However, the continued building of the wall, notwithstanding American
reservations, is effectively killing hopes for any just and equitable
peace between Israel and the Palestinians.
"This is not a security or
separation wall. This is Israel's means to effect ethnic cleansing and
steal more Palestinian land and prevent the creation of a genuine and
viable Palestinian state," said Mustafa Barghouthi, head of the
Palestinian National Initiative, a non-governmental group dedicated to
resisting Israeli apartheid and colonialist occupation.
"This criminal wall will
bisect the West Bank into closed ghettos and townships that are cut off
from each other. There is absolutely no way a Palestinian state can be
established with this wall in place."
Barghouthi's views are shared
by nearly all the Palestinians as well as by a growing number of
peace-minded Israelis.
Even the US, Israel's
guardian/ally, is beginning to get the message, as evidenced by Bush's
remarks.
However, Israeli Prime
Minister Ariel Sharon continues to insist that the wall is no more than a
"security wall" aimed at preventing Palestinian guerrillas from
infiltrating into Israel.
This claim, dismissed by
Palestinians as a cheap, malicious lie, seems also to be losing currency
in Washington, although not to the extent desired by the Palestinians, or
required to stop the wall from destroying the entire peace process.
Bush, responding to a
reporter's question during his joint press conference with visiting
Palestinian Prime Minister Mahmoud Abbas last Friday described the wall as
"a problem" saying he had discussed the issue with Sharon and that he
planned to discuss it again with him during their White House meeting on
Tuesday.
"It is very difficult to
develop confidence between the Palestinians and Israel with a wall snaking
through the West Bank."
Bush's words apparently had
little or no impact on Sharon's thinking or, indeed, on his government's
actions.
On 28 July, just 24 hours
before Sharon and Bush met at the White House, the Israeli government
decided to allocate another $170 million for the completion of the wall in
the northern West Bank.
The provocative measure
indicates that Sharon is either not taking Bush's remarks seriously enough
or that he is actually willing to confront and even defy the American
administration.
In any case, Israeli actions
on the ground speak louder than any statements by Israeli or American
officials.
On Monday, Israeli soldiers
opened fire on a group of Palestinian, Israeli and international
activists, protesting what one north American student described as the
"crime of our time". Eight protesters were injured by rubber-coated
bullets, one seriously.
The brutal suppression of the
symbolic protest demonstrated Sharon's determination to impose his own
roadmap on the Palestinians, irrespective of what the Americans and the
rest of the world may or may not think.
Meanwhile, Israel has been
continuing its repression of the Palestinians on a daily basis, while
claiming to be "relaxing" restrictions on them. This week, the Israeli
government announced that the Jewish settler population in the West Bank
had increased by nearly 5000 people since the beginning of 2003.

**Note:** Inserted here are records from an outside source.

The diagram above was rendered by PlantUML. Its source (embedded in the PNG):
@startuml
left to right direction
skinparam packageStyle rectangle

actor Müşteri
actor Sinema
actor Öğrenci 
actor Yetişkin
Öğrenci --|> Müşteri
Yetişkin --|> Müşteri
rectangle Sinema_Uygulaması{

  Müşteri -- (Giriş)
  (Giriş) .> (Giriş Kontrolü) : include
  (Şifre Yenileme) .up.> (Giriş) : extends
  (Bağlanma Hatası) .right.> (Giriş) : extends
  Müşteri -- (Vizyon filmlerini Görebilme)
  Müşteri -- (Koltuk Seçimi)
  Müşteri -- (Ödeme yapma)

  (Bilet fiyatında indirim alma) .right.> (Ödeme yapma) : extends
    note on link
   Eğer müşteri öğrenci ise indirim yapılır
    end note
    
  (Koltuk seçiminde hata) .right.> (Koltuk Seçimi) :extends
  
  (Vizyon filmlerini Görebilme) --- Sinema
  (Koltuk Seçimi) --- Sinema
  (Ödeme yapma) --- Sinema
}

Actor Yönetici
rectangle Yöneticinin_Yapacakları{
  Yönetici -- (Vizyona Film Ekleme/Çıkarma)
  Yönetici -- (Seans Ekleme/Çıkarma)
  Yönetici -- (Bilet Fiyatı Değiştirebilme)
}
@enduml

Moreover, the Israeli peace
movement Peace Now has published fresh reports revealing how Sharon's
government is continuing to encourage settlers to build more settlement
outposts in lieu of those outposts removed by the Israeli army.
Seeking to divert attention
from the bleak reality in the West Bank, the Israeli government this week
highlighted the removal of three roadblocks in the Ramallah region. Both
Israeli officials and the Hebrew media presented the removal of the three
dirt mounds, known as the Surda and Ein Arik roadblocks, as a great
Israeli concessions for peace.
However, the measure didn't
impress the Palestinians who said that Israel removed only three out of
162 roadblocks erected outside Palestinian towns, villages and refugee
camps all over the West Bank and manned by trigger-happy soldiers who
don't hesitate to open fire, with or without reason, with the intent of
killing Palestinians.
Indeed, as the PA premier was
meeting with Bush at the White House on Friday, one of these trigger-happy
soldiers guarding a roadblock in the northern West Bank fired a burst of
machine- gun fire on a passenger car, killing four-year-old Ghassan Kabaha
and injuring his six- and seven- year-old sisters.
Seeking to evade the crime,
the Israeli army described the "incident" as a "mishap", very much like
the estimated other 408 mishaps in which 408 Palestinian children lost
their lives to Israeli soldiers' bullets during the past 30 months.
According to the Palestinian
Centre for Human Rights (PCHR), one in five Palestinians killed by the
Israeli army and paramilitary Jewish terrorists is a child. Though the
rate of killing since the beginning of the current truce has dropped
sharply, the Israeli army continues to fire heavy machine- guns into
Palestinian population centres, particularly in the Gaza Strip, on an
almost daily basis.
Among the latest victims of
this indiscriminate shooting were three teenagers and an eight-year- old,
Youssef Abu Jaza, who was hit in the knee when soldiers shot at a group of
youngsters and children playing football in Khan Younis.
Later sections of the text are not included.